YOUR GOAL
Two lines in the listing below mark the span: one contains "#18557 = VERTEX_POINT ( 'NONE', #32963 ) ;" and one contains "#20234 = DIRECTION". Reproduce both of them and everything between, exactly.
(DATA RECORDS Opens)
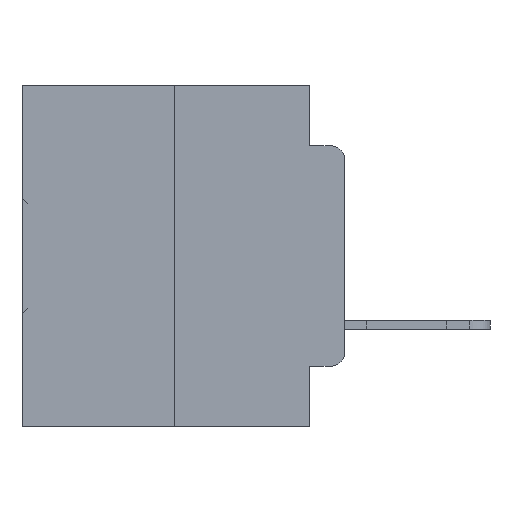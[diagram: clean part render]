
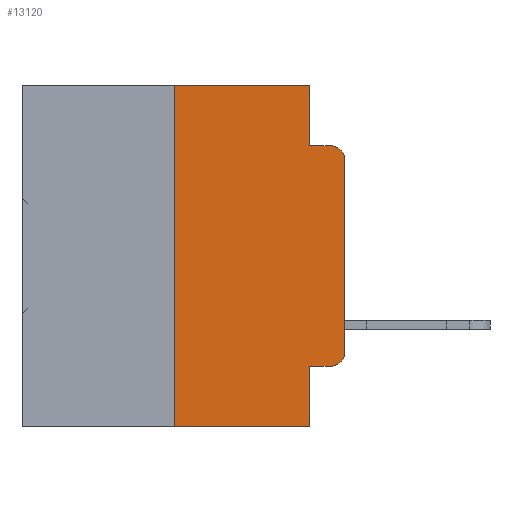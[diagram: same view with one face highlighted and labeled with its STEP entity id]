
A CAD part, left-side view. The second image highlights one B-rep face of the part: STEP entity #13120.
In plain terms, the highlighted planar face has unit normal (-1, 0, 0).
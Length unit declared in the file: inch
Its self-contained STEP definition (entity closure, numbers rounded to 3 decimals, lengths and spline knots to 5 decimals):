
#1474 = EDGE_CURVE ( 'NONE', #2815, #22040, #3344, .T. ) ;
#2288 = ORIENTED_EDGE ( 'NONE', *, *, #18492, .T. ) ;
#2673 = ORIENTED_EDGE ( 'NONE', *, *, #11209, .F. ) ;
#2815 = VERTEX_POINT ( 'NONE', #30729 ) ;
#3344 = LINE ( 'NONE', #19664, #25253 ) ;
#4207 = ORIENTED_EDGE ( 'NONE', *, *, #5475, .F. ) ;
#5475 = EDGE_CURVE ( 'NONE', #31020, #26166, #7365, .T. ) ;
#6151 = DIRECTION ( 'NONE',  ( 0., -1., 0. ) ) ;
#6191 = CARTESIAN_POINT ( 'NONE',  ( 0., 0.051, -0.0885 ) ) ;
#7365 = LINE ( 'NONE', #15354, #22614 ) ;
#7462 = EDGE_CURVE ( 'NONE', #13093, #22015, #27673, .T. ) ;
#7991 = VERTEX_POINT ( 'NONE', #29019 ) ;
#8823 = CIRCLE ( 'NONE', #27136, 0.02 ) ;
#8860 = DIRECTION ( 'NONE',  ( 0., 0., -1. ) ) ;
#8978 = DIRECTION ( 'NONE',  ( 1., 0., 0. ) ) ;
#9337 = EDGE_LOOP ( 'NONE', ( #2288, #10364, #2673, #10750, #29821, #4207, #11221, #20795, #21311, #18488 ) ) ;
#9365 = CARTESIAN_POINT ( 'NONE',  ( 0., 0.473, 0. ) ) ;
#9479 = PLANE ( 'NONE',  #17335 ) ;
#9831 = FACE_OUTER_BOUND ( 'NONE', #9337, .T. ) ;
#10031 = CARTESIAN_POINT ( 'NONE',  ( 0., 0.051, 0. ) ) ;
#10338 = DIRECTION ( 'NONE',  ( -1., 0., 0. ) ) ;
#10364 = ORIENTED_EDGE ( 'NONE', *, *, #14903, .T. ) ;
#10750 = ORIENTED_EDGE ( 'NONE', *, *, #7462, .F. ) ;
#10866 = LINE ( 'NONE', #12114, #30726 ) ;
#11209 = EDGE_CURVE ( 'NONE', #22015, #19898, #22233, .T. ) ;
#11221 = ORIENTED_EDGE ( 'NONE', *, *, #20414, .T. ) ;
#11253 = CARTESIAN_POINT ( 'NONE',  ( 0., 0., 0. ) ) ;
#11476 = DIRECTION ( 'NONE',  ( 0., 0., 1. ) ) ;
#11799 = DIRECTION ( 'NONE',  ( 0., -1., 0. ) ) ;
#11962 = CARTESIAN_POINT ( 'NONE',  ( 0., 0.473, -0.5 ) ) ;
#12114 = CARTESIAN_POINT ( 'NONE',  ( 0., 0.473, 0. ) ) ;
#13047 = VECTOR ( 'NONE', #11799, 39.37008 ) ;
#13093 = VERTEX_POINT ( 'NONE', #10031 ) ;
#13120 = ADVANCED_FACE ( 'NONE', ( #9831 ), #9479, .F. ) ;
#13353 = CARTESIAN_POINT ( 'NONE',  ( 0., 0.051, 0. ) ) ;
#14544 = LINE ( 'NONE', #11253, #33801 ) ;
#14903 = EDGE_CURVE ( 'NONE', #7991, #19898, #8823, .T. ) ;
#15354 = CARTESIAN_POINT ( 'NONE',  ( 0., 0.25, 0. ) ) ;
#15571 = CARTESIAN_POINT ( 'NONE',  ( 0., 0.051, 0. ) ) ;
#15998 = EDGE_CURVE ( 'NONE', #26166, #13093, #10866, .T. ) ;
#17335 = AXIS2_PLACEMENT_3D ( 'NONE', #9365, #8978, #8860 ) ;
#18488 = ORIENTED_EDGE ( 'NONE', *, *, #30923, .T. ) ;
#18492 = EDGE_CURVE ( 'NONE', #18557, #7991, #14544, .T. ) ;
#18557 = VERTEX_POINT ( 'NONE', #32963 ) ;
#19039 = DIRECTION ( 'NONE',  ( 0., -1., 0. ) ) ;
#19142 = DIRECTION ( 'NONE',  ( 0., 0., 1. ) ) ;
#19664 = CARTESIAN_POINT ( 'NONE',  ( 0., 0.051, -0.4115 ) ) ;
#19898 = VERTEX_POINT ( 'NONE', #30928 ) ;
#20234 = DIRECTION ( 'NONE',  ( 0., -1., 0. ) ) ;
#20414 = EDGE_CURVE ( 'NONE', #31020, #21395, #33268, .T. ) ;
#20482 = CARTESIAN_POINT ( 'NONE',  ( 0., 0.051, -0.5 ) ) ;
#20795 = ORIENTED_EDGE ( 'NONE', *, *, #34034, .F. ) ;
#20852 = VECTOR ( 'NONE', #30339, 39.37008 ) ;
#21311 = ORIENTED_EDGE ( 'NONE', *, *, #1474, .T. ) ;
#21395 = VERTEX_POINT ( 'NONE', #20482 ) ;
#22015 = VERTEX_POINT ( 'NONE', #30230 ) ;
#22040 = VERTEX_POINT ( 'NONE', #30699 ) ;
#22233 = LINE ( 'NONE', #6191, #32939 ) ;
#22327 = CIRCLE ( 'NONE', #31628, 0.02 ) ;
#22614 = VECTOR ( 'NONE', #11476, 39.37008 ) ;
#24619 = DIRECTION ( 'NONE',  ( 0., 0., -1. ) ) ;
#24729 = DIRECTION ( 'NONE',  ( -1., 0., 0. ) ) ;
#24731 = CARTESIAN_POINT ( 'NONE',  ( 0., 0.02, -0.1085 ) ) ;
#25047 = CARTESIAN_POINT ( 'NONE',  ( 0., 0.25, 0. ) ) ;
#25253 = VECTOR ( 'NONE', #20234, 39.37008 ) ;
#26166 = VERTEX_POINT ( 'NONE', #25047 ) ;
#26252 = CARTESIAN_POINT ( 'NONE',  ( 0., 0.02, -0.3915 ) ) ;
#27136 = AXIS2_PLACEMENT_3D ( 'NONE', #24731, #24729, #24619 ) ;
#27538 = VECTOR ( 'NONE', #33193, 39.37008 ) ;
#27673 = LINE ( 'NONE', #13353, #20852 ) ;
#28690 = DIRECTION ( 'NONE',  ( 0., 0., -1. ) ) ;
#29019 = CARTESIAN_POINT ( 'NONE',  ( 0., 0., -0.1085 ) ) ;
#29754 = LINE ( 'NONE', #15571, #27538 ) ;
#29821 = ORIENTED_EDGE ( 'NONE', *, *, #15998, .F. ) ;
#30230 = CARTESIAN_POINT ( 'NONE',  ( 0., 0.051, -0.0885 ) ) ;
#30339 = DIRECTION ( 'NONE',  ( 0., 0., -1. ) ) ;
#30699 = CARTESIAN_POINT ( 'NONE',  ( 0., 0.02, -0.4115 ) ) ;
#30726 = VECTOR ( 'NONE', #19039, 39.37008 ) ;
#30729 = CARTESIAN_POINT ( 'NONE',  ( 0., 0.051, -0.4115 ) ) ;
#30923 = EDGE_CURVE ( 'NONE', #22040, #18557, #22327, .T. ) ;
#30928 = CARTESIAN_POINT ( 'NONE',  ( 0., 0.02, -0.0885 ) ) ;
#31020 = VERTEX_POINT ( 'NONE', #34026 ) ;
#31628 = AXIS2_PLACEMENT_3D ( 'NONE', #26252, #10338, #28690 ) ;
#32939 = VECTOR ( 'NONE', #6151, 39.37008 ) ;
#32963 = CARTESIAN_POINT ( 'NONE',  ( 0., 0., -0.3915 ) ) ;
#33193 = DIRECTION ( 'NONE',  ( 0., 0., -1. ) ) ;
#33268 = LINE ( 'NONE', #11962, #13047 ) ;
#33801 = VECTOR ( 'NONE', #19142, 39.37008 ) ;
#34026 = CARTESIAN_POINT ( 'NONE',  ( 0., 0.25, -0.5 ) ) ;
#34034 = EDGE_CURVE ( 'NONE', #2815, #21395, #29754, .T. ) ;
(DATA RECORDS Closes)
SOLUTION BELOW
#18557 = VERTEX_POINT ( 'NONE', #32963 ) ;
#19039 = DIRECTION ( 'NONE',  ( 0., -1., 0. ) ) ;
#19142 = DIRECTION ( 'NONE',  ( 0., 0., 1. ) ) ;
#19664 = CARTESIAN_POINT ( 'NONE',  ( 0., 0.051, -0.4115 ) ) ;
#19898 = VERTEX_POINT ( 'NONE', #30928 ) ;
#20234 = DIRECTION ( 'NONE',  ( 0., -1., 0. ) ) ;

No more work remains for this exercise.